An important decision is whether to make the course synchronous or asynchronous. Although experts suggest that synchronous is better because of contact time, asynchrony facilitates the scheduling of more “social distanced” labs, which may be required in some programs. Currently I am learning how to develop an asynchronous course through an online teaching program at my university.

Luckily, I have previously flipped my class; students read textbook chapters and participate in class discussions. Not all students read the material every time, so this year I am thinking about posting short video presentations. I recently learned how to do this using the video platform YuJa. Other asynchronous approaches I am contemplating are discussion forums on D2L, where students comment on career development book summary videos.

Online videos and forums can also free up class discussion time. Because Q&A sessions can become dry, I recently began turning them into games. Interestingly, the students ran with this element in my previous analogue course, introducing games of their own making that they used to lead case study discussions. Currently I am working with learning technology coaches to smoothly transition games online.

To promote engagement further, I am also thinking about leveraging online teamwork. Originally, I developed an analogue approach to provide a role playing/experiential learning component to the course. Teams were challenged to develop a fictitious biotech company with each member playing a champion role (R&D, IP, marketing, finance) while developing a business plan. Coherent with the different course themes, team champions presented their team’s ideas for peer feedback.

While the original intent of this team approach was to give students the opportunity to envision themselves in a corporate role, a side effect that emerged was competition, especially within the game setting. This competitiveness created an interesting peer pressure effect wherein teams expected their teammates to know their stuff.

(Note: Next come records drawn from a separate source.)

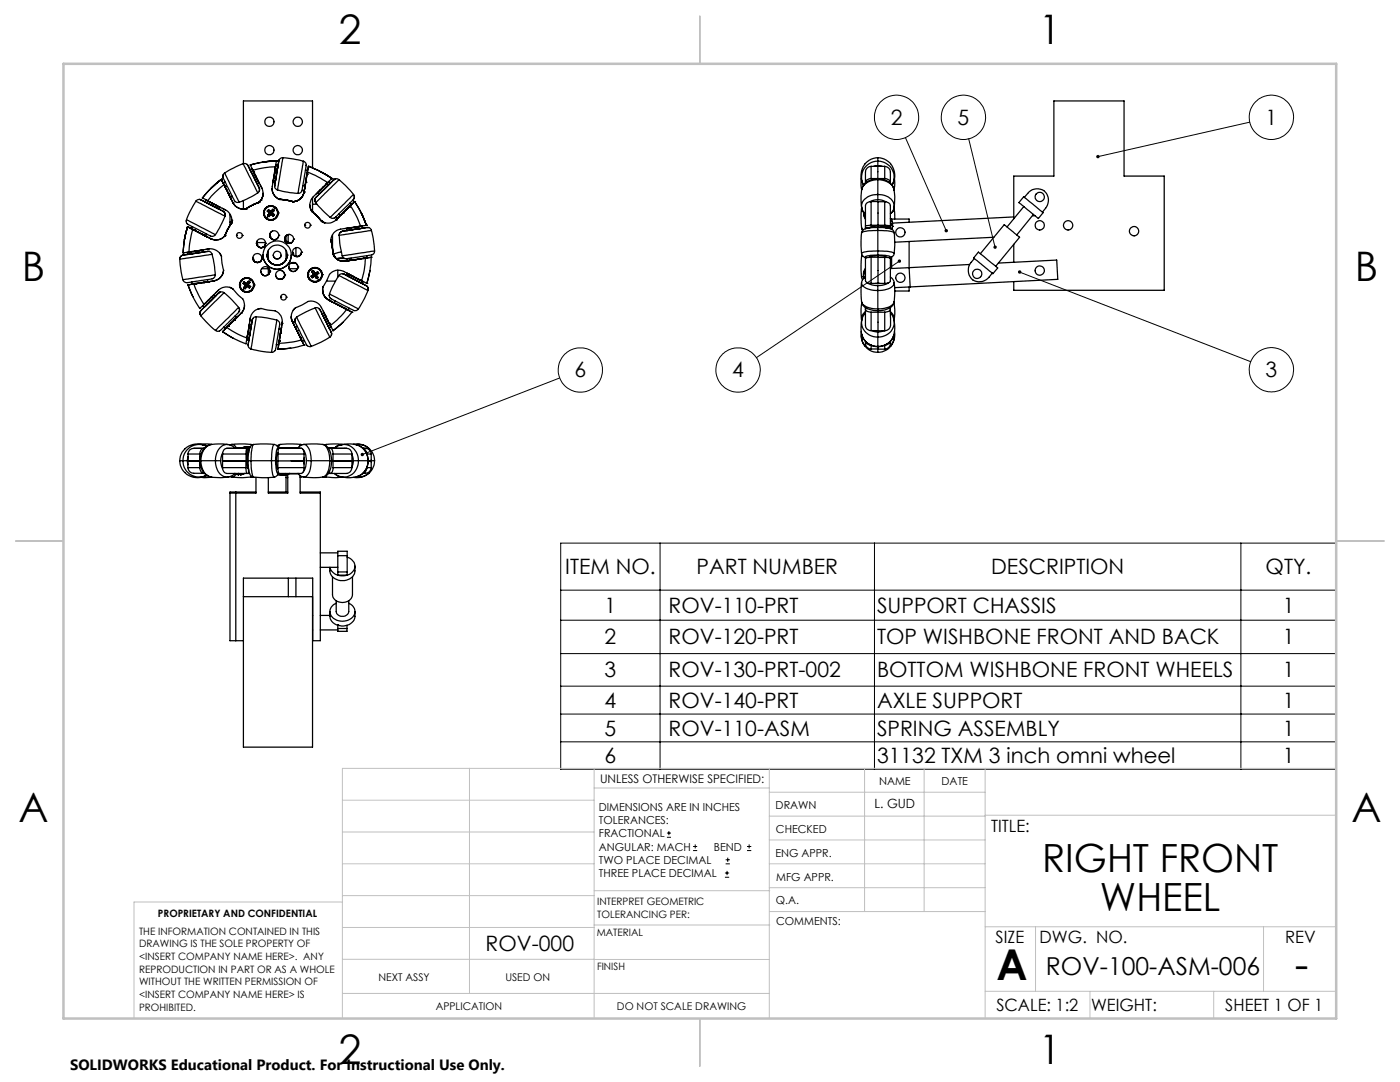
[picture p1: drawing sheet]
<svg xmlns="http://www.w3.org/2000/svg" width="279mm" height="216mm" viewBox="0 0 279 216" stroke-linecap="round" stroke-linejoin="round" font-family="sans-serif">
<g fill="none" stroke="#000" stroke-width=".25">
<path d="M39.8 39.8l.3 .1M39.8 39.8l-.4 .1-.3 .2M39.8 39.8l4.6 2.3a.8 .8 0 0 1 .5 .8M40.4 39.5l1.1 .5M40.4 39.5h.1M41.1 39.9l-.2 .4 2 1 .8 .4 .2-.3M41.1 39.9l2.8 1.5M41.1 39.9l.7 .4M44.2 35.8l-2 1.7M44.2 35.8l-2.1 1.8M44.2 35.8h.1M44.2 35.8l.5 1.1-1.7 1.4-1.5 1.7"/>
<path d="M44.2 35.8a20.1 20.1 0 0 0-3.8 3.7M44.2 35.8l2.3 4.7M44.5 34.9v.6M44.7 36.8l.2 .4M44.8 34.5l2.9 5.9M44.8 34.5a.88 .88 0 0 0 0 1.4l1.9 4.1M44.9 37.2h.1M44.9 36.3l-.3 .2 .2 .4 1.2 2.4 .4-.1M45.2 37.9h.1M45.3 38h.1M45.6 38.7h.1M45.6 38.7l.5 1.1"/>
<path d="M48.5 32.7l-2.3 1-1.4 .8M48.5 32.7l2.9 5.8M48.5 32.7l.5-.1 .3 .2M48.6 32.6v-12.5h13.8v13.4M49.3 32.8l.2 .2M49.3 32.8l2.4 4.7M50 32.9l.5 1.1M50 32.9h.1M50.3 33.7l-.3 .3 1.3 2.7 .4-.2M50.3 33.7l1.4 2.8M50.3 33.7l.3 .7M50.5 34l1.8 3.6"/>
<path d="M50.6 34.4l.4 .7M50.6 34.4h.1M50.7 34.3l-.1 .1M51 35.1l.3 .7M51 35.1h.1M51 35v.1M51.3 35.8l.4 .7M51.3 35.8h.1M51.4 38.5l-1.3 .8-2.4 1.1M51.7 37.5l.1 .6M51.8 37.5v.6M51.8 38.1l-.4 .4"/>
<path d="M51.9 36.9l.4 .7M52.1 40l-.5 .4M52.1 40h.1M52.1 39.9l-.5 .5M52.3 37.6a2.43 2.43 0 0 1-.2 2.4M52.5 38.7l-.2 .8-.7 .9M52.5 38.6l-.4 1.4M54.3 37.6l.1 .8 .4 .7 1 .7M54.6 35.3l-.3 2a2.37 2.37 0 0 0 1.5 2.5M54.6 35.3h.1M54.6 35.3l-.2 1.2M54.7 35.3l-.1 .8"/>
<path d="M54.8 34.5h.1M54.8 34.5l-.1 .8M54.9 33.7h.1M55 33.7l-.2 .8M55 33.7h.1M55 33.3a16.2 16.2 0 0 0-4.5 .7M55 33.3l-.4 2M55.1 32.9l.4 .2-.5 3.1-.4-.1M55.1 32.9l-.5 3.2M55.1 32.9l-.1 .8M55.2 32.1l-2.7 .2M55.2 32.1h.1"/>
<path d="M55.2 32.1a19.5 19.5 0 0 0-5.2 .8M55.2 32.1l-.2 1.2M55.4 37.9l2.5 .6 1.6 .1M55.7 31.9l-.1 .2M55.7 31.9l-.9 5.1a.75 .75 0 0 0 .6 .9M55.8 39.8l1 .1 1.7 .4M55.8 39.8h.1M56.4 31.5l-1 6.4M56.4 31.5l2.1 .2 2 .5M56.4 31.5l-.4 .1-.3 .3M60.3 38a.76 .76 0 0 1-.8 .6M60.5 32.2l-1 6.4"/>
<path d="M60.5 32.2a.95 .95 0 0 1 .5 1.3l-.7 4.4M60.7 38.3a2.35 2.35 0 0 1-2.2 2M60.7 38.3h.1M60.7 38.3a2.38 2.38 0 0 1-1.6 1.8M61 33.9l.3 .1v.1l-.4 3-.5-.1M61 36.4h.1M61 36.4l-.3 1.9M61.1 32.9v.1M61.1 35.5h.1M61.1 35.6h.1M61.2 34.7h.1M61.3 34.7h.1"/>
<path d="M61.3 34.7l-.3 1.7M61.6 33.2l-.3 1.2 1.6 .6 2.5 1.4M61.6 33.2a20 20 0 0 1 4.6 2.4M61.6 33.2h.1M61.6 33.2l-.3 1.5M62.4 39.4v2.9M63 39.4l-.2 .4 .1 .5M63.1 39.4l-.3 .5 .1 .4M63.9 34.2l2.3 1.4M64 37.9l-.6 .6M64 34.3l2.2 1.3M64 37.9l-1.5 1.4a2.32 2.32 0 0 0-.3 2.9"/>
<path d="M64.5 37.3v.1M64.5 37.4l-.5 .5M64.5 37.3h.1M64.6 37.3l-.1 .1M65.1 36.7v.1M65.1 36.8l-.5 .5M65.1 36.8h.1M65.4 36.4l-2.3 2.3M65.7 36.2l.3 .3-2.3 2.3-.3-.3M65.7 36.2l-2.3 2.3M65.7 36.2l-.6 .6M66.2 35.6h.1"/>
<path d="M66.2 35.6l-.8 .8M66.6 35.9l-3.5 3.5M66.9 35.7l-.3 .2M66.9 35.7h.4l.4 .1M67.7 35.8l-4.7 4.6M67.7 35.8l2.9 3M70.4 39.9l.3 .4M70.5 39.9l-3.5 3.4 .1 .1M70.6 38.8l-4.7 4.6M70.6 38.8l.1 .4v.4M70.7 39v.6M70.7 39.6l-.2 .2"/>
<path d="M171.9 35.7l-.1 1.3 .2 .9M172.7 36.4v.1M173.8 33.2a1.34 1.34 0 0 0-1.1 1.8v1.4M173.8 33.2v2.4M173.8 35.6h-.2a.99 .99 0 0 0-.9 .8M173.8 33.2h2.8M173.8 35.6h2.8M175.2 35.8a3 3 0 0 0-3.4 3.4l.1 2.1a2.43 2.43 0 0 1 2.4-2.4l.9-.1M175.2 35.7a3.1 3.1 0 0 0-3.3 2.2M175.2 35.7a3 3 0 0 1 3.2 2.2M175.2 31.5a3.6 3.6 0 0 1 2.8 5.4 3.2 3.2 0 0 0-2.8-4.7M175.2 31.5a3.6 3.6 0 0 0-2.8 5.5"/>
<path d="M175.2 38.8v1.1M175.2 35.8v3M175.2 32.2a3.2 3.2 0 0 0-2.8 4.7M175.2 32.2v.9M175.2 31.5v.7M175.2 33.2v2.5M175.2 39.9h-.8l-.8 .4M175.2 38.8a2.81 2.81 0 0 1 3.2 2.4v.1M175.2 39.9h.8l.8 .4M175.2 35.8a3.1 3.1 0 0 1 3.2 2.1M175.2 35.7v.1M175.2 33.1l-.9 .1"/>
<path d="M175.2 33.1l.9 .1M176.6 35.6h.2a.99 .99 0 0 1 .9 .8M176.6 33.2v2.4M176.6 33.2a1.35 1.35 0 0 1 1.1 1.8v1.4M177.7 36.4v.2M178.4 37.9l.2 1.4-.2 2M178.5 35.7l.1 .9-.2 1.3M204.3 39.3l3.9 3.1-1 1.2-3.9-3.2zM204.4 39.4l.7-.8a2.32 2.32 0 0 1 3.4-.4 2.32 2.32 0 0 1 .2 3.4l-.7 .7M35.9 51.7l.3 2.6 .3 1.5M36.5 50.9a.73 .73 0 0 0-.6 .8M36.5 55.8l.2 .4 .6 .2"/>
<path d="M36.5 50.4h.1M37.1 44l.1 .4 .3 .4M37.4 50.4l3.1-.5 .1 .4-3.1 .5zM37.4 45.2l-.6 2.6M37.4 45.2h.1M37.4 45.2l1.1 .6M37.4 45.3a17.4 17.4 0 0 0-.9 5.1M37.4 45.3l1.1 .5M37.4 45.3h.1M37.4 45.2l1.4 .8M37.4 45.3l1.4 .7M37.5 56.8l1 2.4"/>
<path d="M37.5 56.8h.1M37.5 56.8a17.1 17.1 0 0 0 2.4 4.8l.8-.9M37.6 44.8l4.4 2.3M37.7 50.3l-1.2 .1M38.1 50.2l-.4 .1M38.4 45.2l-.2 .4h.1l2.7 1.4 .2-.3M38.5 45.8l-.6 2.8-.2 1.7M38.5 45.8l.3 .2M38.5 45.8l1.8 .9M38.7 56.7l.9 2.1 1.1 1.9M38.7 56.7l-1.2 .1M38.8 46h.1"/>
<path d="M38.8 46l1.5 .7M38.9 45.9l-.1 .1M38.9 50.1l-.8 .1M38.9 50.1h.1M39.1 40.1l-1.3 2.3-.6 1.5 5.8 2.9M39.1 40.1l5.8 3M39.1 56.6h.1M39.1 56.6l-.4 .1M39.1 56.6l-1.6 .2M39.6 46.3h.1M39.7 50h.1M39.7 50l-1.6 .2"/>
<path d="M39.8 50l-.9 .1M39.8 50h.1M39.9 56.4v.1M40.3 46.7h.1M40.3 46.7l1.1 .6M40.3 46.7l1.8 .9M40.5 49.9l-.7 .1M40.7 56.4h.1M40.7 56.3v.1M40.7 56.4l-2 .3M41.4 55.8l.1 .4-.7 .1-2.5 .4v-.4M41.5 40l.3 .3"/>
<path d="M41.5 50.2h.3M41.6 59.9h.1M41.6 59.9l-.6 .6M41.7 49.7a2.33 2.33 0 0 1 2.5 1.5M41.7 49.7l-.7 .1M41.7 49.7l-2 .3M41.8 50.2l.5 .5M41.8 50.2l-5.2 .7a.78 .78 0 0 0-.7 .8M41.8 40.3l.7 .3M41.8 40.3h.1M41.8 40.3l1.5 .7M41.9 56.2l-2.8 .4"/>
<path d="M41.9 56.2l-1.2 .1M42.1 47.6h.1M42.2 59.3h.1M42.2 59.3l-1.5 1.4M42.2 59.3l-.6 .6M42.3 55.7l-4.9 .7M42.3 50.7l-6.4 1M42.3 50.7l.5 2.1 .2 2M42.5 40.6v.1M42.5 40.6h.1M42.5 40.7l.8 .3M42.7 56.1h.1"/>
<path d="M42.7 56.1l-2 .3M42.8 58.8l-.6 .5M43 54.9a.81 .81 0 0 1-.7 .7M43 54.8l-6.5 1M43 46.8a.82 .82 0 0 1-1 .3M43.3 41l.6 .4M43.3 41h.1M43.3 41l1.7 .9M43.6 57.9l-.5 .5M43.9 50.5l.3 .7M43.9 58.3l-.2 .1M43.9 58.3l.4-.1 .4 .2"/>
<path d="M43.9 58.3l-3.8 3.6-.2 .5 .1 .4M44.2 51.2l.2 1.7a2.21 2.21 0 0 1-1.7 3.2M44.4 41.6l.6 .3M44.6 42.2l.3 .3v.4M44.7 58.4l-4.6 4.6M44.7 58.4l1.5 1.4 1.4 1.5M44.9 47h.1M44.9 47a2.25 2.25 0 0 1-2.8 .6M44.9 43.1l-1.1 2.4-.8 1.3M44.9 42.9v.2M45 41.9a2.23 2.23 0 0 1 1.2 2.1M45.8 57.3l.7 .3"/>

Of course, it’s important for students to also be evaluated on individual performances. One of my long-standing assignments has been the informational interview, where students select a biotech business career to research before conducting an informational interview of a working professional. I am contemplating interacting with students online to help them select their career interests. This is because students appreciate it when professors express an interest in their future. Whereas students have previously presented their interview experience via PowerPoint, with everything on lock-down, I am considering having students record their Zoom interviews (with permission) for the rest of the class to view. Another approach could be to have interviewees join in the class.

The capstone exercise I am considering will also have a significant online component. Early in the semester, I will teach my students how to select a mid-cap, publicly traded biotech company of their interest online. Students will interrogate the company from an R&D, IP, market and finance perspective, providing recommendations on whether their chosen company is worthy of investment.

I don’t know about you, but I’d pay full tuition for an on-course like that. Despite being online, this course will teach students a number of practical skills. However, such a course can only be developed with sufficient lead time, planning and support that universities are helping to provide.

Derrick E. Rancourt is a stem cell biologist and professor in the Cumming School of Medicine at the University of Calgary.